§ **INSTRUCTIONS FOR THE TASK**
The entries must be repeated verbatim, and their images left out.

--

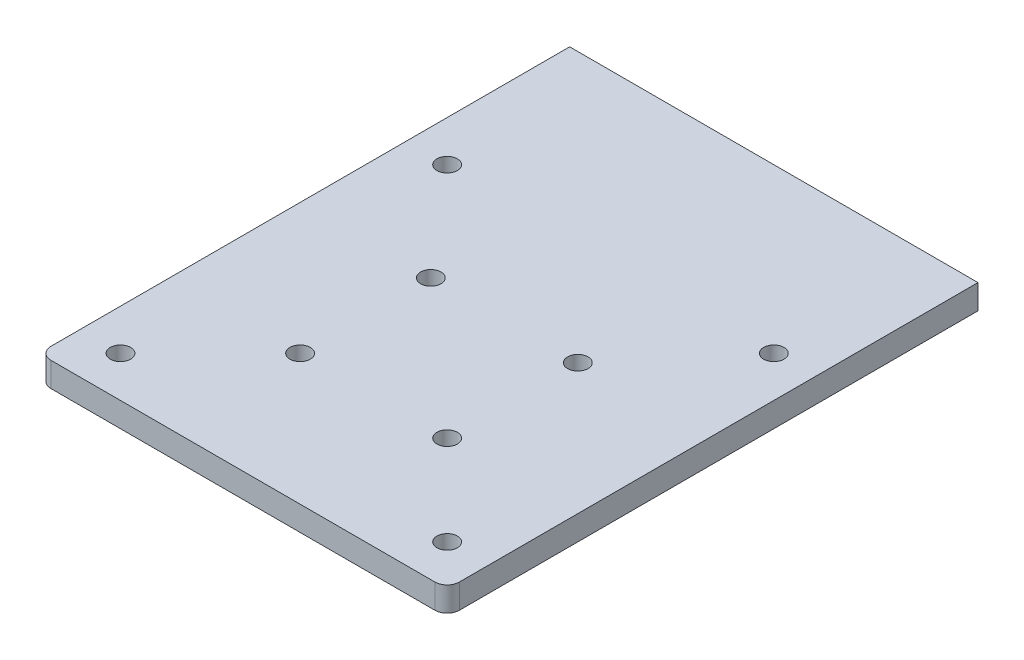
from build123d import *

# Parameters (mm, degrees)
SKETCH1_W           = 100
SKETCH1_H           = 130
SKETCH1_R           = 2.5
BOSS_EXTRUDE1_DEPTH = 6
FILLET1_R           = 3
SCALE1_SCALE        = 7.5


with BuildPart() as part:
    # Sketch1 → Boss-Extrude1 (new body)
    with BuildSketch(Plane(origin=(0, 0, 0), x_dir=(1, 0, 0), z_dir=(0, 1, 0))):
        with Locations((40, 55)):
            Rectangle(SKETCH1_W, SKETCH1_H)
        Circle(SKETCH1_R, mode=Mode.SUBTRACT)
        with Locations((80, 0)):
            Circle(SKETCH1_R, mode=Mode.SUBTRACT)
        with Locations((0, 80)):
            Circle(SKETCH1_R, mode=Mode.SUBTRACT)
        with Locations((80, 80)):
            Circle(SKETCH1_R, mode=Mode.SUBTRACT)
        with Locations((22, 22)):
            Circle(SKETCH1_R, mode=Mode.SUBTRACT)
        with Locations((58, 22)):
            Circle(SKETCH1_R, mode=Mode.SUBTRACT)
        with Locations((22, 54)):
            Circle(SKETCH1_R, mode=Mode.SUBTRACT)
        with Locations((58, 54)):
            Circle(SKETCH1_R, mode=Mode.SUBTRACT)
    extrude(amount=BOSS_EXTRUDE1_DEPTH)

    # Fillet1
    fillet1_edges = [part.edges().sort_by_distance(p)[0] for p in [
        (90, 3, 10),
        (-10, 3, 10),
    ]]
    fillet(fillet1_edges, radius=FILLET1_R)


with BuildPart() as part_1:
    # Scale1: scaled about (40, 3, -55.215106893)
    add(part.part.scale(SCALE1_SCALE).moved(Location((-260, -19.5, 358.898194805))))


solid = part_1.part

--

§ **SOLVED PROBLEM**
from build123d import *

# Parameters (mm, degrees)
SKETCH1_W           = 100
SKETCH1_H           = 130
SKETCH1_R           = 2.5
BOSS_EXTRUDE1_DEPTH = 6
FILLET1_R           = 3
SCALE1_SCALE        = 7.5


with BuildPart() as part:
    # Sketch1 → Boss-Extrude1 (new body)
    with BuildSketch(Plane(origin=(0, 0, 0), x_dir=(1, 0, 0), z_dir=(0, 1, 0))):
        with Locations((40, 55)):
            Rectangle(SKETCH1_W, SKETCH1_H)
        Circle(SKETCH1_R, mode=Mode.SUBTRACT)
        with Locations((80, 0)):
            Circle(SKETCH1_R, mode=Mode.SUBTRACT)
        with Locations((0, 80)):
            Circle(SKETCH1_R, mode=Mode.SUBTRACT)
        with Locations((80, 80)):
            Circle(SKETCH1_R, mode=Mode.SUBTRACT)
        with Locations((22, 22)):
            Circle(SKETCH1_R, mode=Mode.SUBTRACT)
        with Locations((58, 22)):
            Circle(SKETCH1_R, mode=Mode.SUBTRACT)
        with Locations((22, 54)):
            Circle(SKETCH1_R, mode=Mode.SUBTRACT)
        with Locations((58, 54)):
            Circle(SKETCH1_R, mode=Mode.SUBTRACT)
    extrude(amount=BOSS_EXTRUDE1_DEPTH)

    # Fillet1
    fillet1_edges = [part.edges().sort_by_distance(p)[0] for p in [
        (90, 3, 10),
        (-10, 3, 10),
    ]]
    fillet(fillet1_edges, radius=FILLET1_R)


with BuildPart() as part_1:
    # Scale1: scaled about (40, 3, -55.215106893)
    add(part.part.scale(SCALE1_SCALE).moved(Location((-260, -19.5, 358.898194805))))


solid = part_1.part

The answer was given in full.